Figure 1: NsDs turbine chart 
In fact, with inverse design, it is possible to come up with a set of optimal design guidelines based on these fluid dynamic considerations of reducing the dominant flow losses for your turbine. However, when it comes to high-speed turbines, there is usually a trade-off between the aerodynamic and structural aspects of the rotor, and this brings us to our problem statement.
The design of high-speed low pressure axial turbines, such as those used in aero-engine last stages, is a complex multidisciplinary problem because the higher rotational speed has conflicting effects on the turbine:
- It does bring efficiency benefits and a reduced number of stages and hence the turbine weight and the overall dimensions
- But it increases the average isentropic Mach number which could create shock losses and it also leads to high stresses in the last stage rotor blade
Hence, the design of such turbines has to find the right balance between aerodynamic performance and mechanical integrity. This is why traditional methods often involve multiple iterations between CFD and FEA runs in order to ensure that the appropriate trade-off is achieved, which consumes a lot of computational time and resources. So the question is whether it is possible to come up with a rapid optimization methodology focused at suppressing the dominant loss mechanisms but without adversely impacting the stresses in your axial turbine, and this is what we aim to explore through this work.

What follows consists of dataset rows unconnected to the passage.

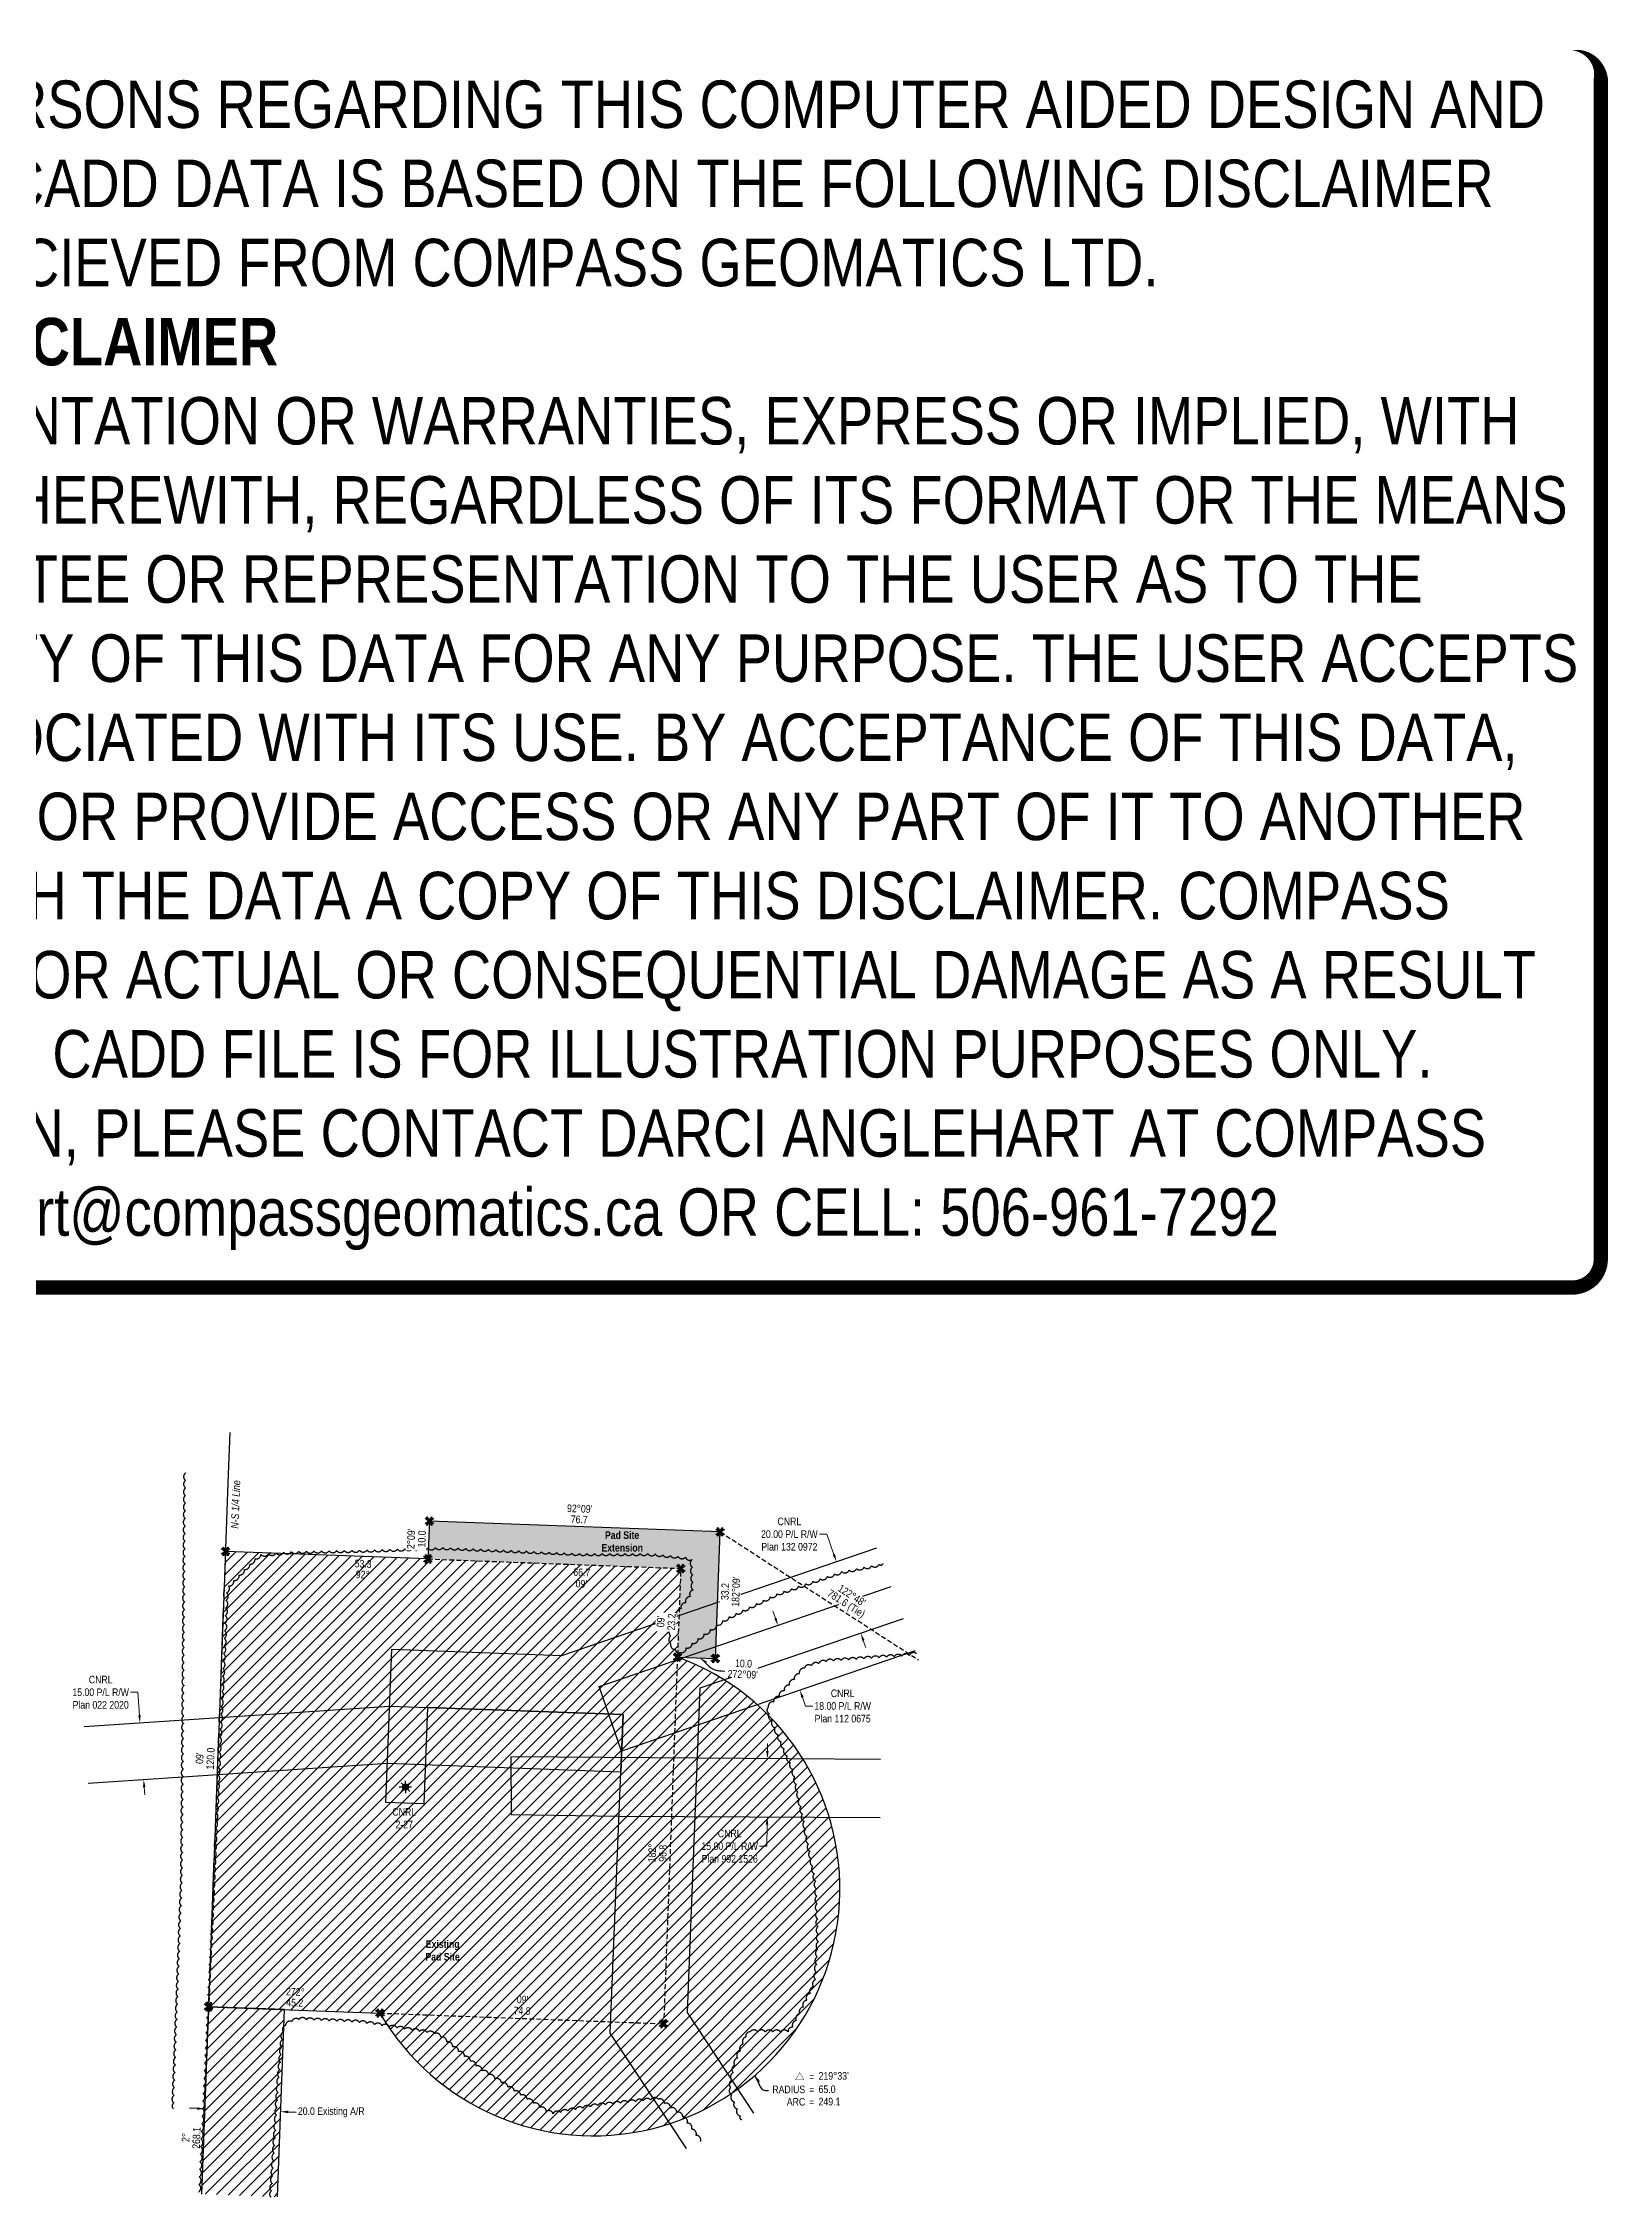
# Model space of a CAD drawing. Extents: x 334629 to 338577, y 6145829 to 6148665.
# Drawn here: x 336516 to 338577, y 6145829 to 6148665 of the extents above; entities that cross this region are included whole.
import ezdxf
from ezdxf.enums import TextEntityAlignment as Align

# ---------------------------------------------------------------- set-up
doc = ezdxf.new("R2010")
doc.units = 0
doc.header["$LTSCALE"] = 5
doc.header["$PDSIZE"] = 0.5
for name, pattern in [('0', [1, 1, 0]), ('foc-QUARTERLINE', [33, 25, -3, 2, -3]), ('foc-TIELINE', [1.875, 1.25, -0.625])]:
    doc.linetypes.add(name, pattern=pattern)
doc.layers.get('Defpoints').update_dxf_attribs({"color": 9})
for name, color, linetype in [('C-RW', 13, 'Continuous'), ('C-WS-S', 13, 'Continuous'), ('L-BD', 7, 'Continuous'), ('L-BD1', 253, 'Continuous'), ('L-MON', 1, 'Continuous'), ('L-SECQ', 8, 'foc-QUARTERLINE'), ('L-TIE', 7, 'foc-TIELINE'), ('P-PROPOSED', 10, 'Continuous'), ('P-PROPOSED-EXISTING-H', 59, 'Continuous'), ('P-PROPOSED-H', 21, 'Continuous'), ('P-TXT', 4, 'Continuous'), ('T-BUSH', 110, '0')]:
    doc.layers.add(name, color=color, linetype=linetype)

Figure 2 shows the specifications and meridional shape of the last stage of a high-speed low-pressure axial turbine which has previously been studied both numerically and experimentally . Interestingly, due to the high rotational speed, the last stage rotor blade was seen to suffer from elevated Mach number levels and stresses. Therefore, in this article based on one of ADT’s technical papers that was presented at the ASME Turbo Expo 2023 , the last stage rotor blade is redesigned keeping the stator blade same as before.
Figure 2: Specifications and meridional shape of the last stage stator and rotor 
3D Blade Design of Rotor
Figure 3 presents the setup for the baseline axial turbine rotor in our 3D inverse design software TURBOdesign1, where the meridional design, thickness and the spanwise swirl (rVt*) distribution are extracted from the CFD results of the original turbine and can directly be used as design inputs.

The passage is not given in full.